◆ **Records supplied**:
↓↓↓
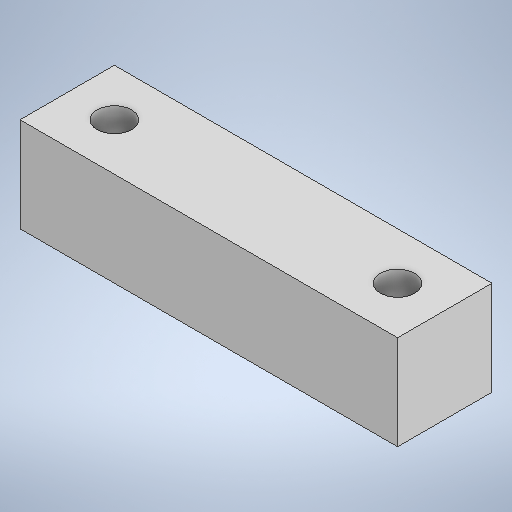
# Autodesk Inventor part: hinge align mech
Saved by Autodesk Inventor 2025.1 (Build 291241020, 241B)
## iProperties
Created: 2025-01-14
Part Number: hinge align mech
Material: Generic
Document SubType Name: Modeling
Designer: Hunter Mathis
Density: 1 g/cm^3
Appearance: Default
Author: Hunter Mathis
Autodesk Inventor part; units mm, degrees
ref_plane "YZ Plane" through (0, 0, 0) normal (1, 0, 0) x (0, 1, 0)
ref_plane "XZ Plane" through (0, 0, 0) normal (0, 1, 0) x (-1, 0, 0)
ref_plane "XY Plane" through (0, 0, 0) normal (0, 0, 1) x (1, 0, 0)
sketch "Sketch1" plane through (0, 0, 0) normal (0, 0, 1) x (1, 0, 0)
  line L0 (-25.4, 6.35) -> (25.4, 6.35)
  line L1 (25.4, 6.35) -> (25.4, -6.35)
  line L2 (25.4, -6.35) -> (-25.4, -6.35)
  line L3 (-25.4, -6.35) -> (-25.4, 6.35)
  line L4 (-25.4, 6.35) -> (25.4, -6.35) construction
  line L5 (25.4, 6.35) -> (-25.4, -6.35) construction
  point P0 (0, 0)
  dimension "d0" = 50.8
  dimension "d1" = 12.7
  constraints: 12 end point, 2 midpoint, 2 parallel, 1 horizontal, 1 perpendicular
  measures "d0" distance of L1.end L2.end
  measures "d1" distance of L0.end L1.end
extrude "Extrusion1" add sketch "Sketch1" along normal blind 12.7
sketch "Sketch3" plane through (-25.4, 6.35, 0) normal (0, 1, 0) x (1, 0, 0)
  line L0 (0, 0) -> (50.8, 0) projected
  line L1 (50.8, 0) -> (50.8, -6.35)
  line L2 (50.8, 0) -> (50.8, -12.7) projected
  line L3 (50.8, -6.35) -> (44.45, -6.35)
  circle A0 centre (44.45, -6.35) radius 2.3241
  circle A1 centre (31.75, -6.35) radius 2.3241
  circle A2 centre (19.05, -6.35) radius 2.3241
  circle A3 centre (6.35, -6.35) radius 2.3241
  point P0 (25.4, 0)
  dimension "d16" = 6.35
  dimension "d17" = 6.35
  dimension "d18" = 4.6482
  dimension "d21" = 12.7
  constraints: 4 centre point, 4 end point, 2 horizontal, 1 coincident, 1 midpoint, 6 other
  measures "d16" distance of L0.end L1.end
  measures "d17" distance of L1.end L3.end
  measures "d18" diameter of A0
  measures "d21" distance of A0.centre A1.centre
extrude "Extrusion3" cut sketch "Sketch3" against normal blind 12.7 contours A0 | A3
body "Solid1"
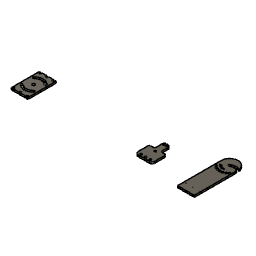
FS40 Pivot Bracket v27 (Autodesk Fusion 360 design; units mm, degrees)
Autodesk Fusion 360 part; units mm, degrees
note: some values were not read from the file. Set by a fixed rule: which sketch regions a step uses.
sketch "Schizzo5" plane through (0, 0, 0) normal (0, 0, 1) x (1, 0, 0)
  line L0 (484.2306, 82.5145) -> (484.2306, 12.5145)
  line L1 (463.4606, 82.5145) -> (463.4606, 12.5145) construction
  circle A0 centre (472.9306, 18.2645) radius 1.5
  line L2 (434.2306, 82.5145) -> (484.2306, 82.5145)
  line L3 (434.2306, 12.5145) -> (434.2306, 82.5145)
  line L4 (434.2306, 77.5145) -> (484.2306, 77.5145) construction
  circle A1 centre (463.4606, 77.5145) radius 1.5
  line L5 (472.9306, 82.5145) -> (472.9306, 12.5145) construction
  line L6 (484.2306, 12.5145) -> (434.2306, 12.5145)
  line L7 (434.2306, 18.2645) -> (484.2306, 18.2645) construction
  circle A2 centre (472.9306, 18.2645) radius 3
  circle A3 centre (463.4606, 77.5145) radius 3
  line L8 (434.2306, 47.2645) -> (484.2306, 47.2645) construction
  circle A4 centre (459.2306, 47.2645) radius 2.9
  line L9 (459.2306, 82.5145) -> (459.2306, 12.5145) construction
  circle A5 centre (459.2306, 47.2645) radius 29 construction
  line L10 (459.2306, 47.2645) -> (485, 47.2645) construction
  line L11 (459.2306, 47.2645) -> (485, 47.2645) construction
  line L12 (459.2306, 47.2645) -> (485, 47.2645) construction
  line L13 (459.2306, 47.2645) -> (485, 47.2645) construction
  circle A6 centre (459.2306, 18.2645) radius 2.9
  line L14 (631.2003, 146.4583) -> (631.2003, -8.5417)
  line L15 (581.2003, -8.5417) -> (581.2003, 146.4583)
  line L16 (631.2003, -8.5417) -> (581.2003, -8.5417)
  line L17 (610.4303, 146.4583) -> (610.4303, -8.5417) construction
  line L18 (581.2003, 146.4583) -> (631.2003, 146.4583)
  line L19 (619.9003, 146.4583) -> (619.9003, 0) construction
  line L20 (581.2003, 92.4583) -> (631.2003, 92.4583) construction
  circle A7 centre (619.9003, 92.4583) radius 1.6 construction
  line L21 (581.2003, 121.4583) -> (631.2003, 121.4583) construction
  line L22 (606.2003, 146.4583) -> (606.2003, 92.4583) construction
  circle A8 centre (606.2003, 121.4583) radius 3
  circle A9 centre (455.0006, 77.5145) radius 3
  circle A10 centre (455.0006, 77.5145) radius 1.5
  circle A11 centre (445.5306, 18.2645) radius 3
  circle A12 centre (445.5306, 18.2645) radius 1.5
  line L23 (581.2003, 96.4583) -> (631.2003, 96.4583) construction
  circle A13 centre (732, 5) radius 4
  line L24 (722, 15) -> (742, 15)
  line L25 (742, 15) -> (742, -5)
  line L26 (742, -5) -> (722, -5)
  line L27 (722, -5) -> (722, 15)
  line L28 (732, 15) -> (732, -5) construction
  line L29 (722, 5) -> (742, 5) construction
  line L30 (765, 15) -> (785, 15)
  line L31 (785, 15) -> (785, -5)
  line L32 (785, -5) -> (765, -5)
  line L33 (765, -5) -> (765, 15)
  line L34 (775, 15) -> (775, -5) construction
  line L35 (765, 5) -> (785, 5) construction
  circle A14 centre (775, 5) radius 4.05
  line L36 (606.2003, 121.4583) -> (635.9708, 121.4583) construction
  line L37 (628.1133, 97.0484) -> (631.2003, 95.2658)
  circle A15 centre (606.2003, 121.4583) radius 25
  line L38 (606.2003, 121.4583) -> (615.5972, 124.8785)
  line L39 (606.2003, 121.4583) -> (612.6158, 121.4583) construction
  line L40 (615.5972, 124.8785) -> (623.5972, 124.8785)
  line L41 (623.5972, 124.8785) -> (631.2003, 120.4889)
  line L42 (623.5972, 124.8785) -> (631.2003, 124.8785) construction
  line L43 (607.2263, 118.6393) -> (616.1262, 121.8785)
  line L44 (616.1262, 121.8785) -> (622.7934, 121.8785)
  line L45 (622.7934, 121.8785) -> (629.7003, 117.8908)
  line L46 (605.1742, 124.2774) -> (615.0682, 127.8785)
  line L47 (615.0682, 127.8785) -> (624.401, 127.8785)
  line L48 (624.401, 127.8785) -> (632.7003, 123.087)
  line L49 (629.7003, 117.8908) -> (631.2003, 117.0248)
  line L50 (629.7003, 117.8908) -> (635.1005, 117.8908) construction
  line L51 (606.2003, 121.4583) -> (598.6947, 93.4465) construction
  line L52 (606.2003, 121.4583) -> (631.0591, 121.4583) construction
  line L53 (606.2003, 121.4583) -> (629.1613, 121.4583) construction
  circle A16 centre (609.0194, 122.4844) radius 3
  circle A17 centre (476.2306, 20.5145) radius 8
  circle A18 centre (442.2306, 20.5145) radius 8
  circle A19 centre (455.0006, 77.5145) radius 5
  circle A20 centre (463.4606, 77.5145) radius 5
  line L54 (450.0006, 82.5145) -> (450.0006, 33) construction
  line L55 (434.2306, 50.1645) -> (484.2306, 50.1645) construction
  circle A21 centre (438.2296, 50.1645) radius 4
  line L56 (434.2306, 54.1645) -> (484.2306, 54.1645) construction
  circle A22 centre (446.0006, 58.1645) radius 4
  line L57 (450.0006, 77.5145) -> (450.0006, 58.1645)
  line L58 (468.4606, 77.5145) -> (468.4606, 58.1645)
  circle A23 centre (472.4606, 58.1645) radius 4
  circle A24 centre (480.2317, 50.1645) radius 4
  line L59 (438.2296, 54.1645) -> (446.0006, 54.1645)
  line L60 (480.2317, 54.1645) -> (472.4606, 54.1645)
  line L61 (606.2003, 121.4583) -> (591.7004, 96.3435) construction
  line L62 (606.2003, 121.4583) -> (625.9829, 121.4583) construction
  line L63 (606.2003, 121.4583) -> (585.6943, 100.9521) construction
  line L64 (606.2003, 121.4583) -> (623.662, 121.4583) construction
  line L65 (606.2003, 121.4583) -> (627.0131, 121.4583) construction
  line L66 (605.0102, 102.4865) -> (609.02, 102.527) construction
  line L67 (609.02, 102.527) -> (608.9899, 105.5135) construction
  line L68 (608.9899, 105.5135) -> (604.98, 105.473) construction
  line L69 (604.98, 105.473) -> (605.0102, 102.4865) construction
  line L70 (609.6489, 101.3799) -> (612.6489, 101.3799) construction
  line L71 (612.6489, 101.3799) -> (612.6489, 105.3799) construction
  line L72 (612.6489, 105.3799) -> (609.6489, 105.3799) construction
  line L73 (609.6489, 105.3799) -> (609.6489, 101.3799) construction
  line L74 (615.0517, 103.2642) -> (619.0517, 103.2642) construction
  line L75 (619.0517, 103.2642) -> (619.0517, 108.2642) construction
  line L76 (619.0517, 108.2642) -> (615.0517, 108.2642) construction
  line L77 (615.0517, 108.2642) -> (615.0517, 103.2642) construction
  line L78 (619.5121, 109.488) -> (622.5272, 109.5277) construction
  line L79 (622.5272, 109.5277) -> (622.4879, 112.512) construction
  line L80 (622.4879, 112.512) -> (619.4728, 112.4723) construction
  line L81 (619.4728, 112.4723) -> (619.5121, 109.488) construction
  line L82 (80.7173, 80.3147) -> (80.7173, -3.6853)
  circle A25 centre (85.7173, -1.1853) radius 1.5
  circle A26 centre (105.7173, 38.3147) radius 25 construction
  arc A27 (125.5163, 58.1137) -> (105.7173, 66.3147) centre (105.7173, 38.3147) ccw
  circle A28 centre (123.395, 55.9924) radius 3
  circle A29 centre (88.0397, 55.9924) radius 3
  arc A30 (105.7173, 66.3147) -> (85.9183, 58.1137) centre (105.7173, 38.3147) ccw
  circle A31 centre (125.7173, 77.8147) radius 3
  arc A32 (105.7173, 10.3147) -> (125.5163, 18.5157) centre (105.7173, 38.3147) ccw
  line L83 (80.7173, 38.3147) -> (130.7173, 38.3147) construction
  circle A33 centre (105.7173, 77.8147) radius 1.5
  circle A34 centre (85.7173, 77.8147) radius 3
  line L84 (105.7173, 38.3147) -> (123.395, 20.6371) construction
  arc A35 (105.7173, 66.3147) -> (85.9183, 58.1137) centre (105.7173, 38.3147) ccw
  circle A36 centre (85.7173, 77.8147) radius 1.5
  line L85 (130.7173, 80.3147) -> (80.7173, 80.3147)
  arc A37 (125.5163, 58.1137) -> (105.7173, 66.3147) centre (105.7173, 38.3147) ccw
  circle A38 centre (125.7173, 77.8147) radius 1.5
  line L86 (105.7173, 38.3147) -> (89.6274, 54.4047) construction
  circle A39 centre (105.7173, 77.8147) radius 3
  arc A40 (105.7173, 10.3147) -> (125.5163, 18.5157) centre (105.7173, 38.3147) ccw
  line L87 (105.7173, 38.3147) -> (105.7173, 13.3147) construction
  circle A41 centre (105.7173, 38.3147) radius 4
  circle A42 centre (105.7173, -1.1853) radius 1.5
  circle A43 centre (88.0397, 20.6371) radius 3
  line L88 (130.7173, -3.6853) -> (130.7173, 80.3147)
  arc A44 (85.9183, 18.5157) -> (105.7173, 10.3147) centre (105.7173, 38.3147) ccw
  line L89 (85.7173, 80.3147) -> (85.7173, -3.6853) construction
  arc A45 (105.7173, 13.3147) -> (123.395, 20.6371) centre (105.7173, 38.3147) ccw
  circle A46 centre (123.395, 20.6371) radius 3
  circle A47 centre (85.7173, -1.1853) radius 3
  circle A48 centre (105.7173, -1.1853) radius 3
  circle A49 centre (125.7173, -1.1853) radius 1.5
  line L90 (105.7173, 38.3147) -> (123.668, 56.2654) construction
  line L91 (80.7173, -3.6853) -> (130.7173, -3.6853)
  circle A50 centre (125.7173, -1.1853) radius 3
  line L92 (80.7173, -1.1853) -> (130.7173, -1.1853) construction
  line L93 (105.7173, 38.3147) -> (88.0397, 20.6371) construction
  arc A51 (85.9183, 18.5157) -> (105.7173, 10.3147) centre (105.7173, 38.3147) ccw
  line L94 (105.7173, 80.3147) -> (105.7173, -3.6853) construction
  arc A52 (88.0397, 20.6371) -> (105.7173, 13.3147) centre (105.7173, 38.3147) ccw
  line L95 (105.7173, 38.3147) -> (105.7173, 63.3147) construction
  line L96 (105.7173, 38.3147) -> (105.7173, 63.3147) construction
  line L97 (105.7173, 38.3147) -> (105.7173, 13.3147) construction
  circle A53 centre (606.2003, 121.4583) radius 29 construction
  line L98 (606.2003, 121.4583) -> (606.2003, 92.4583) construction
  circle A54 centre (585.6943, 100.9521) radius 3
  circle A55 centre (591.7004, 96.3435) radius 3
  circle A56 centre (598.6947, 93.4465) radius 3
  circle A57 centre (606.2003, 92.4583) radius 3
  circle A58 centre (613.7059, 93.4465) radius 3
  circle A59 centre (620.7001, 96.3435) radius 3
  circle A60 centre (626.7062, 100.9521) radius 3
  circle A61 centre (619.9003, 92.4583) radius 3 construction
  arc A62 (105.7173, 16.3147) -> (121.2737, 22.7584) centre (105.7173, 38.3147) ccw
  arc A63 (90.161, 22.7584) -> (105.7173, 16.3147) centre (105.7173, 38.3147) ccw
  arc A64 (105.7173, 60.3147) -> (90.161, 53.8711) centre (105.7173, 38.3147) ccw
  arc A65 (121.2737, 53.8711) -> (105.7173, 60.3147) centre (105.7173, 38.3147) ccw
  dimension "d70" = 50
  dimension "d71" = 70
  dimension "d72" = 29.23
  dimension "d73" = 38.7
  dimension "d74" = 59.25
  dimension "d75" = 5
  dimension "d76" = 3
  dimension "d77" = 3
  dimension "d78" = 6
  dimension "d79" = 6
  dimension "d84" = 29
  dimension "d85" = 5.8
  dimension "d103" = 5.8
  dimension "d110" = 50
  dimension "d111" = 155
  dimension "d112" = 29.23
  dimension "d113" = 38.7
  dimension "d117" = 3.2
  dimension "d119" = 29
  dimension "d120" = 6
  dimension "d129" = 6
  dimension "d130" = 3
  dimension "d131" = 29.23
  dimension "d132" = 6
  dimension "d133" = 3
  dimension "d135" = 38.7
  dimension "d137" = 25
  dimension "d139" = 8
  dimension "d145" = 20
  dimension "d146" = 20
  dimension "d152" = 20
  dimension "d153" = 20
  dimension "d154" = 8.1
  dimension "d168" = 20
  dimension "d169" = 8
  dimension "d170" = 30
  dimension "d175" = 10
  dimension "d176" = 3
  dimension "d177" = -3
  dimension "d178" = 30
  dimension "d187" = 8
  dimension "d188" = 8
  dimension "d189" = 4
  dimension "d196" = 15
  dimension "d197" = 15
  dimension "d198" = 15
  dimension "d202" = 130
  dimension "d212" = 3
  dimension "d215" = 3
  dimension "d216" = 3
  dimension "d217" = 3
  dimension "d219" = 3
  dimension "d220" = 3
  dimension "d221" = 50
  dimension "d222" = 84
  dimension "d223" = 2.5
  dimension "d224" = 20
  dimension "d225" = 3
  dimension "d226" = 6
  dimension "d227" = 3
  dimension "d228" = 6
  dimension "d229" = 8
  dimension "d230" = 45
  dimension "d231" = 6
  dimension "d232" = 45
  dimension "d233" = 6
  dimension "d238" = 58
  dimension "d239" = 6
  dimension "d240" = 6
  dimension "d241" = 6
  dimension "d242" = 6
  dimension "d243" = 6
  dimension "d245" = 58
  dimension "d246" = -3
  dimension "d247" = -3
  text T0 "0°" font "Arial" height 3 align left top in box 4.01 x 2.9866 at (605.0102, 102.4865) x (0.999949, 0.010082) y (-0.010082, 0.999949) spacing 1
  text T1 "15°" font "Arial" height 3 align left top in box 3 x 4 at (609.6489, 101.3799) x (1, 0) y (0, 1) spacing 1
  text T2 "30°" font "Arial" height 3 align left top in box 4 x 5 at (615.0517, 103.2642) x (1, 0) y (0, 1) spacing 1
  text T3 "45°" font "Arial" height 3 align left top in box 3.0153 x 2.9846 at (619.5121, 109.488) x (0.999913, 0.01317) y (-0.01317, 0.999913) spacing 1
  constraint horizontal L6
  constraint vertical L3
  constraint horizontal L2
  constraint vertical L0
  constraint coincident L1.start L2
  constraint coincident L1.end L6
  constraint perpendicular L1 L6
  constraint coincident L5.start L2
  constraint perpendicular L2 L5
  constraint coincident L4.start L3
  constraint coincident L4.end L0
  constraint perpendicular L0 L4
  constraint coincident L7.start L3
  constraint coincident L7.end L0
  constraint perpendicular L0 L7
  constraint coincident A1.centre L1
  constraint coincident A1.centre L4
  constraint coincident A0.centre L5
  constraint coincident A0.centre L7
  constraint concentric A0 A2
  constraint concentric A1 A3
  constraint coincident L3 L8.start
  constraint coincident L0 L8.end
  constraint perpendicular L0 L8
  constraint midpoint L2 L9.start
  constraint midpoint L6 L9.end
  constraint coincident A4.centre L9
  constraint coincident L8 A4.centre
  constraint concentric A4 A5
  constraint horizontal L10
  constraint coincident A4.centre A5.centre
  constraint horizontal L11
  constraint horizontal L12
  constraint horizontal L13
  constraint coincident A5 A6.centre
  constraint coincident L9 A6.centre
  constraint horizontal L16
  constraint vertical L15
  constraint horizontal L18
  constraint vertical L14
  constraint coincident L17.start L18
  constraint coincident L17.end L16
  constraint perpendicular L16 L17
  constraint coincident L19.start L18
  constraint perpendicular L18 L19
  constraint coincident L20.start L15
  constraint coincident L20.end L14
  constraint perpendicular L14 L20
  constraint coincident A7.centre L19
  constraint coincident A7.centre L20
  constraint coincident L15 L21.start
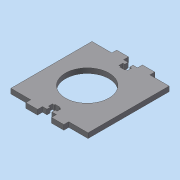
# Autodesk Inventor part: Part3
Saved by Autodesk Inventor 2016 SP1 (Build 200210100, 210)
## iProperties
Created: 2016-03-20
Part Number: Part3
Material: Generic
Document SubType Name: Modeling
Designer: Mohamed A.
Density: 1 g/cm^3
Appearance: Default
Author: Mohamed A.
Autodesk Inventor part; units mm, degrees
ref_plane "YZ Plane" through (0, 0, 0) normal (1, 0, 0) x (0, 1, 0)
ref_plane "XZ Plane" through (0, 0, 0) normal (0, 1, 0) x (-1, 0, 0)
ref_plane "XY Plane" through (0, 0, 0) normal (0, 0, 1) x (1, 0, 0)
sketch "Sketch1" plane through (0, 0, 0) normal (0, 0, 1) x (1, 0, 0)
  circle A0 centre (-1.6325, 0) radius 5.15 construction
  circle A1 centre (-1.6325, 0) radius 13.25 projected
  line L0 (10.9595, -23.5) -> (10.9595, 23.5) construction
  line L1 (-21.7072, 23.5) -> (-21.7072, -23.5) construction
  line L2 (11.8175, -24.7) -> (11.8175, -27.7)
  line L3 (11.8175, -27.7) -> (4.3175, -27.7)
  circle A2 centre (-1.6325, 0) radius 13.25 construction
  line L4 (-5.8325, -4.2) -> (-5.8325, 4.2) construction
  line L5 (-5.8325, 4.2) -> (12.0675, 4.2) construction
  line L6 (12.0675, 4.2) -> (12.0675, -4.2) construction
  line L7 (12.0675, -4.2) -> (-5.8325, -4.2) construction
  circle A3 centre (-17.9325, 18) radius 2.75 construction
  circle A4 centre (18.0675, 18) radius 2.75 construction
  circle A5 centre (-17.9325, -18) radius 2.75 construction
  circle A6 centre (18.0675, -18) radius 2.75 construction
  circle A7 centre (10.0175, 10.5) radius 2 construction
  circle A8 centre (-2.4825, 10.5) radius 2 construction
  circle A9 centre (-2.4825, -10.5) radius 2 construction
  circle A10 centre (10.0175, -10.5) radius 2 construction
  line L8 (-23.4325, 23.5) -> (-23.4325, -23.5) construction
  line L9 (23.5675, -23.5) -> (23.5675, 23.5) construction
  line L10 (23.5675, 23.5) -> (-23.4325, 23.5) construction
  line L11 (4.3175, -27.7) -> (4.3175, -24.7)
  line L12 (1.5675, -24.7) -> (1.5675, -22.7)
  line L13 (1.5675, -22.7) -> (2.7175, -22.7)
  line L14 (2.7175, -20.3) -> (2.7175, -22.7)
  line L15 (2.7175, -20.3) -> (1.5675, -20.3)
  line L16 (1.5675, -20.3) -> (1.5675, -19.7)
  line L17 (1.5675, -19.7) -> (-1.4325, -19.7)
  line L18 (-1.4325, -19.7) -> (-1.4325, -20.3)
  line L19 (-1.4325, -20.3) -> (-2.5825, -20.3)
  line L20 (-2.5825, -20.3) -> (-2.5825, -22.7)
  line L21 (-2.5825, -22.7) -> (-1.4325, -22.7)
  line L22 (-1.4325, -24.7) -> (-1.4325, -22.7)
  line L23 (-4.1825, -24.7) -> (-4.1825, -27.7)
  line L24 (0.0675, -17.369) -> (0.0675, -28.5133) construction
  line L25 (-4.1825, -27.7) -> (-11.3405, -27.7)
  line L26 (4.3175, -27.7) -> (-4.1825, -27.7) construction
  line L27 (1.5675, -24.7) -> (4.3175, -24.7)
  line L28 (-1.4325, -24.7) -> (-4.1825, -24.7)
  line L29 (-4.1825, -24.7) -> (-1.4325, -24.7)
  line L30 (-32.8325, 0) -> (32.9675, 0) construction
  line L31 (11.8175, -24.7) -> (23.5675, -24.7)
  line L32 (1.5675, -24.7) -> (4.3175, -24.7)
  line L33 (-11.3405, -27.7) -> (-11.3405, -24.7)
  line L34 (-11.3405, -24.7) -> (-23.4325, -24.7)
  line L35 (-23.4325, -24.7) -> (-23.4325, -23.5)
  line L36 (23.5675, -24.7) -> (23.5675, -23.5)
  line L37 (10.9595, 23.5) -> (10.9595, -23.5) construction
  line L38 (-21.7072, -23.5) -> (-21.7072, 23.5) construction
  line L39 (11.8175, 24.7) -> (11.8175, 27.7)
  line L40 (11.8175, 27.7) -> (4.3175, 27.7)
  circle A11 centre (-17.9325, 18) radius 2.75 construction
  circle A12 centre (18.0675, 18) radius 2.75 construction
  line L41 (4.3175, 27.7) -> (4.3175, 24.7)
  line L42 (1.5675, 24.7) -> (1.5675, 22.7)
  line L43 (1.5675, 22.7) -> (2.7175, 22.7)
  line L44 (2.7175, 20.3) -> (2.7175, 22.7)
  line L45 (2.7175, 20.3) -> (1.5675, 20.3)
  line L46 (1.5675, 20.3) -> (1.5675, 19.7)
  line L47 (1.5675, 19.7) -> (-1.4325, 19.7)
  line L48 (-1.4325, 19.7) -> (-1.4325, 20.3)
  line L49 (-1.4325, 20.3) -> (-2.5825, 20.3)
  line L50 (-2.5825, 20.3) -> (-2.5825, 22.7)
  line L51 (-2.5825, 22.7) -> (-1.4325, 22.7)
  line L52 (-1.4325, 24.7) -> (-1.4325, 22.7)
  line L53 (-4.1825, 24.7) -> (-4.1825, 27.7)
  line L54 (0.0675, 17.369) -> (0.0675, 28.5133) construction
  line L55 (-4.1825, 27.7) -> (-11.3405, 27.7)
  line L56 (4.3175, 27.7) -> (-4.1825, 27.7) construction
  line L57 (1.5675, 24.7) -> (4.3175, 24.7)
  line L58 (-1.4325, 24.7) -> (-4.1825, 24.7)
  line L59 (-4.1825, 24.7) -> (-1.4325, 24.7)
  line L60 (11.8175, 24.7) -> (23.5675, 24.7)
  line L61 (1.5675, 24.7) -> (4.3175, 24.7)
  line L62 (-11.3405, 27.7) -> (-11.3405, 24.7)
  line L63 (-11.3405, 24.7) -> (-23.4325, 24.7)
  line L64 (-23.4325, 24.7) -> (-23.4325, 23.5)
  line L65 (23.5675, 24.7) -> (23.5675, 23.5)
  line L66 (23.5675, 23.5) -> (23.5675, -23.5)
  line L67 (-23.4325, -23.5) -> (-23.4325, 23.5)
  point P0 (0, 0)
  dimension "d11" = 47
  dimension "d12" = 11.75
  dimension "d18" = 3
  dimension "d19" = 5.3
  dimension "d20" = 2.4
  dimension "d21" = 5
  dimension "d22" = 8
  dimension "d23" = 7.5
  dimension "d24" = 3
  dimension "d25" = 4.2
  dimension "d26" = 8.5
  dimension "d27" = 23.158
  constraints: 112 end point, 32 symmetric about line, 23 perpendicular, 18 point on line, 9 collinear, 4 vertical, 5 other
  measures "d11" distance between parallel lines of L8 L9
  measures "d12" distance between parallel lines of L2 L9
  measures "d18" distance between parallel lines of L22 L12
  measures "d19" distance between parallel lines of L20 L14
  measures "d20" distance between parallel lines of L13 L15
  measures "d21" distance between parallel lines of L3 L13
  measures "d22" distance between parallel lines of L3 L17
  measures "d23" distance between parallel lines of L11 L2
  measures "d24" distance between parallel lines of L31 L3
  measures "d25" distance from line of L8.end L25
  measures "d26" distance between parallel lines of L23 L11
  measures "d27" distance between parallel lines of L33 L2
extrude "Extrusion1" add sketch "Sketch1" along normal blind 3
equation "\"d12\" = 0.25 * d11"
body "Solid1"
↑↑↑
◆ **Goal of the exercise**: Only the lines from the one with "normal blind 3" through the end of the data should be printed, each exactly as it appears.

◆ **Expected output**:
extrude "Extrusion1" add sketch "Sketch1" along normal blind 3
equation "\"d12\" = 0.25 * d11"
body "Solid1"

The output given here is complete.